Für alle die sich über das Ghostbuster - Reboot (Es ist definitiv nicht Ghostbuster 3) freuen ist das sicher toll.

Ich werde diesen Film komplett meiden. Es wurde hierbei was aus meiner Kindheit genommen in die Tonne getreten und in irgendwas dem Cast nach in ein "Sex an the Ghost" verwandelt. 

Es spielt für mich hierbei absolut keine Rolle ob dieser Film eventuell gut werden könnte, nein es wurde einfach die Formel aus 2 Filme + Zeichentrickserie genommen und in etwas verwandelt was mir nicht schmecken wird.

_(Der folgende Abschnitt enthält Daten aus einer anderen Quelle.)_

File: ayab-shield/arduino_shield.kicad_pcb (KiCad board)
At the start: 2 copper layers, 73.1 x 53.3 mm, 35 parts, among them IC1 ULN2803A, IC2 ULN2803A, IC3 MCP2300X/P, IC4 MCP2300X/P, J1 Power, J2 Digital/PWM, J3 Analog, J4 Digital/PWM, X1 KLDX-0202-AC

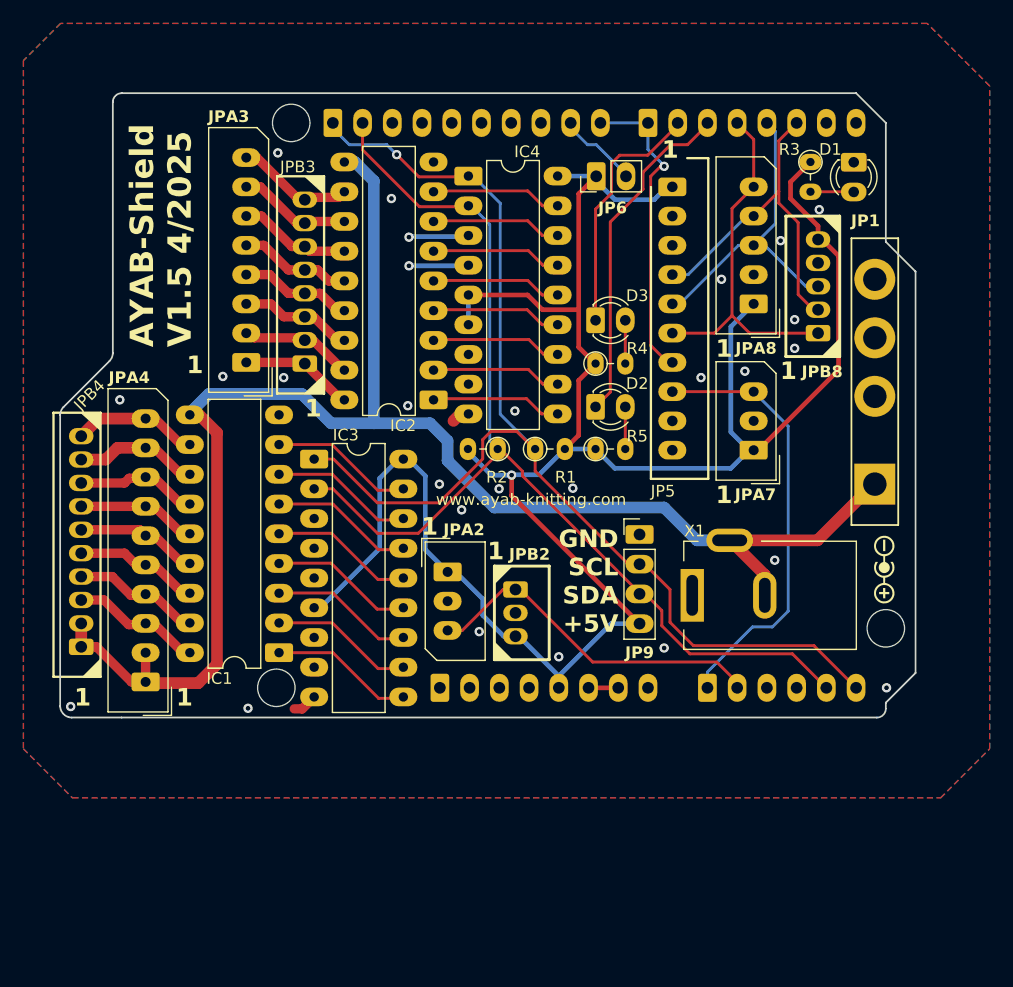
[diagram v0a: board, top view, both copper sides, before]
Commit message: Fix orientation of solenoid headers on schematic and PCB
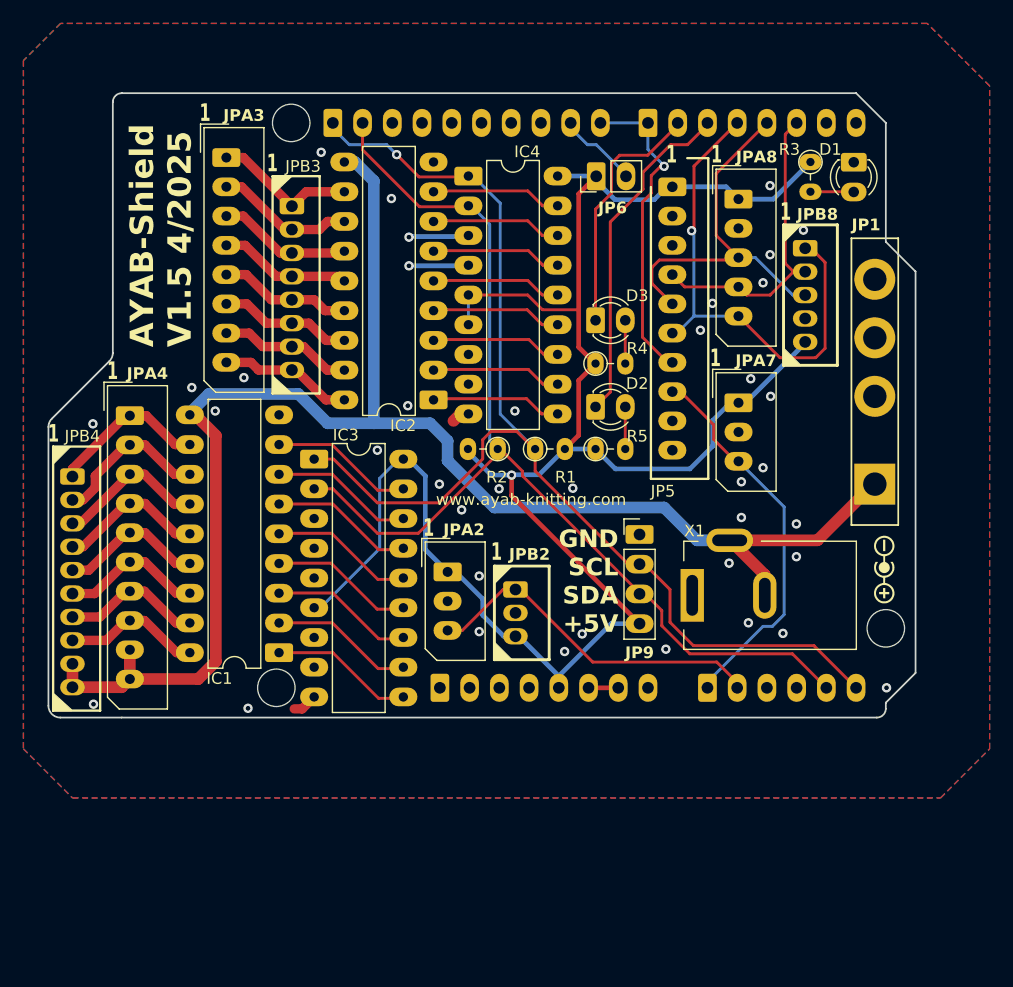
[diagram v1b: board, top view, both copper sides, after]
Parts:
- moved JPA4 22.8 mm to (116.2, 104.2), turned to -90 degrees
- moved JPA3 17.6 mm to (124.4, 82.2), turned to -90 degrees
- moved JPB4 14.6 mm to (111.2, 109.5), turned to 90 degrees
- moved JPB3 13.5 mm to (130.0, 86.3), turned to 90 degrees
- moved JPA8 9.04 mm to (168.2, 85.8), turned to -90 degrees
- moved JPA7 4.25 mm to (168.2, 103.2), turned to -90 degrees
- moved JPB8 1.33 mm to (173.8, 94.0), turned to 90 degrees
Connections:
- JPA3 pad 1: Net-(IC2-O1) -> Net-(IC2-O8)
- JPA3 pad 2: Net-(IC2-O2) -> Net-(IC2-O7)
- JPA3 pad 3: Net-(IC2-O3) -> Net-(IC2-O6)
- JPA3 pad 4: Net-(IC2-O4) -> Net-(IC2-O5)
- JPA3 pad 5: Net-(IC2-O5) -> Net-(IC2-O4)
- JPA3 pad 6: Net-(IC2-O6) -> Net-(IC2-O3)
- JPA3 pad 7: Net-(IC2-O7) -> Net-(IC2-O2)
- JPA3 pad 8: Net-(IC2-O8) -> Net-(IC2-O1)
- JPA4 pad 1: +15V -> Net-(IC1-O8)
- JPA4 pad 10: Net-(IC1-O8) -> +15V
- JPA4 pad 2: +15V -> Net-(IC1-O7)
- JPA4 pad 3: Net-(IC1-O1) -> Net-(IC1-O6)
- JPA4 pad 4: Net-(IC1-O2) -> Net-(IC1-O5)
- JPA4 pad 5: Net-(IC1-O3) -> Net-(IC1-O4)
- JPA4 pad 6: Net-(IC1-O4) -> Net-(IC1-O3)
- JPA4 pad 7: Net-(IC1-O5) -> Net-(IC1-O2)
- JPA4 pad 8: Net-(IC1-O6) -> Net-(IC1-O1)
- JPA4 pad 9: Net-(IC1-O7) -> +15V
- JPB3 pad 1: Net-(IC2-O1) -> Net-(IC2-O8)
- JPB3 pad 2: Net-(IC2-O2) -> Net-(IC2-O7)
- JPB3 pad 3: Net-(IC2-O3) -> Net-(IC2-O6)
- JPB3 pad 4: Net-(IC2-O4) -> Net-(IC2-O5)
- JPB3 pad 5: Net-(IC2-O5) -> Net-(IC2-O4)
- JPB3 pad 6: Net-(IC2-O6) -> Net-(IC2-O3)
- JPB3 pad 7: Net-(IC2-O7) -> Net-(IC2-O2)
- JPB3 pad 8: Net-(IC2-O8) -> Net-(IC2-O1)
- JPB4 pad 1: +15V -> Net-(IC1-O8)
- JPB4 pad 10: Net-(IC1-O8) -> +15V
- JPB4 pad 2: +15V -> Net-(IC1-O7)
- JPB4 pad 3: Net-(IC1-O1) -> Net-(IC1-O6)
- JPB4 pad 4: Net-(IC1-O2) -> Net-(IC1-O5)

Wer ein kleines ECTO 1 Model zuhause stehen hat verfällt schon in Traurigkeit wenn er das ja was soll das den für ein Kübel sein mit dem die da jetzt rumfahren.... 

Schön wäre es gewesen wenn 1, 2 oder sogar 3 der alten Hasen eine "nächste Generation" herangezogen hätten. Nein dafür bekommen Sie soweit mir bekannt Gastrollen und spielen andere Charaktere.

Mir bleibt nur zu sagen, viel Spaß  all jenen denen das gefällt aber ich bin anscheinend zu alt für die Art von Veränderung. Die real Ghostbusters gab es einfach nur einmal und das Kapitel ist zumindest für mich zu ende.


----------



## Wynn (22. September 2015)

Diese ETWAS von Film ist NICHT Ghostbusters 3

Es ist ein REBOOT / REMAKE der Story

Selbst Twilight wird besser sein als diese Abnormität

Und in der Quelle steht auch nix von Ghostbusters 3 





			Dieser Inhalt steht nur eingeloggten Mitgliedern zur Verfügung.
        




Axxo Thema Reboot - Spiderman




			Dieser Inhalt steht nur eingeloggten Mitgliedern zur Verfügung.


----------



## Exar-K (23. September 2015)

Die alten Ghostbusters zählen zu meinen Lieblingsfilmen, von diesem Streifen hingegen erwarte ich fast nichts.
Wenn die Kritiken sehr gut sind, werde ich ihn mir vielleicht irgendwann auf Blu-ray ausleihen.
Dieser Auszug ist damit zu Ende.